In order to determine whether grammatical processes associated with an expanded sentential structure (including functional layers) were operative we used distributional (verb placement) and morphological criteria (verb inflection). At first sight, the analysis of the written narratives regarding verb inflection reveals a picture that is reminiscent of the findings obtained in previous descriptive studies in that error frequency rates are high. However, our analysis also makes apparent that there is variation at the individual level. While all of our participants produce errors at the onset of the study and continue to do so by the end of the study, they differ in the frequency of the errors produced. Whereas the overall proportion of errors raises in the narratives of Simon, it remains at about the same rate in the final narratives of Muhammed and Christa. For three participants, namely, Maria, Fuad and Hamida we acknowledge a decrease of the overall error rate by the end of the study.

With respect to the nature of the deficits observed, we remarked that the range of errors observed is limited and that it is developmentally constrained. We have also seen that variation in the use of finite and non-finite forms in sentential contexts that would require overt marking of subject-verb agreement does not represent a phenomenon that is unique to this type of acquisition situation, as substantial variation is also typically encountered in the productions of L2 learners of German. In line with current assumptions in L2 acquisition research, we have argued that the apparent optionality in the marking of subject-verb agreement reflects difficulties in the morphological realisation of abstract features, rather than the lack of functional categories.

We have expanded on this hypothesis by suggesting that the different types of errors identified reflect remaining deficits regarding the information encoded, whereby target-like inflection is assumed to involve the interaction of several grammatical modules (the lexicon, morphology, syntax). Errors produced at a time when the distributional evidence indicates that verb raising is operative suggest that deficits remain at the interface between morphology and syntax as person-number encoding remains problematic. Other errors indicate remaining gaps in the knowledge about the selective properties of the verbs (e.g. auxiliary selection) and morphological rules (participle formation). A rule-based verb inflection with irregular verbs indicates a deficit at the interface between morphology and lexicon.

While the eventual integration of information from different levels of linguistic analysis was not accomplished by most participants by the end of the recording time covered in the study, the productions of one learner, Maria, reveal that she has a command of verb inflection at the time. We are left therefore with a picture of deaf learners’ attainment of the target inflectional morphology that is definitely less idiosyncratic than traditional analysis made us believe.

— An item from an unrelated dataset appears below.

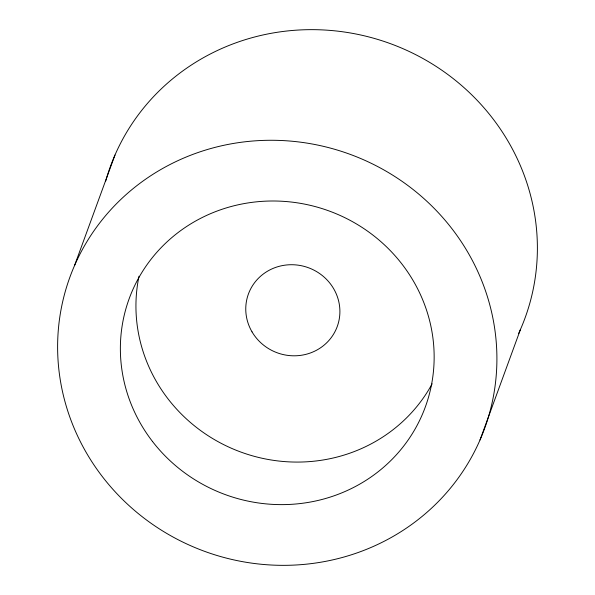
<?xml version="1.0" encoding="UTF-8"?>
<svg xmlns="http://www.w3.org/2000/svg" width="595" height="595" viewBox="0 0 595 595"><rect width="100%" height="100%" fill="white"/><g stroke="black" fill="none" stroke-linecap="round" stroke-linejoin="round"><path stroke-width="0.89" d="M74.501 265.653L114.984 155.035M480.016 439.965A220.723 211.411 20.1 0 0 249.03 141.357A220.723 211.411 20.1 0 0 102.734 477.101A220.723 211.411 20.1 0 0 480.016 439.965L520.499 329.347M105.694 181.081A220.723 211.411 20.1 0 1 391.027 43.881A220.723 211.411 20.1 0 1 518.609 333.55M432.134 383.827A157.66 151.011 20.1 0 1 240.774 452.022A157.66 151.011 20.1 0 1 139.014 276.214M152.595 441.594A157.66 151.011 20.1 0 0 422.086 415.065A157.66 151.011 20.1 0 0 257.1 201.772A157.66 151.011 20.1 0 0 152.595 441.594M252.02 331.846A47.295 45.302 20.1 0 0 333.542 334.204A47.295 45.302 20.1 0 0 292.926 264.738A47.295 45.302 20.1 0 0 252.02 331.846"/></g></svg>

In addition, striking similarities become apparent between deaf and other L2 learners of the language.

In summary, by the end of the recording time, not all learners have gone all the way in the development of the target German grammar. With the exception of one participant, the developmental profiles established provide evidence for the structural expansion of elementary grammars and for grammatical processes associated with an expanded sentential structure. In Simon’s written productions, by contrast, we found no conclusive evidence for an evolution along these lines. Individual variation between the other participants pertains to the progress they make in the course of the study as some participants, for whom we found evidence for the implementation of the IP, do not produce evidence for the availability of the CP (that is, target-like complex clauses or interrogative clauses). Also, only some of the participants adhere to the V2 constraint by the end of the recording time. Nevertheless, the analysis of the data allows for the conclusion that participants in this study “climb up” the structure tree much like other L2 learners of German. This is an important conclusion given the myths that surround the acquisition of written language by deaf students.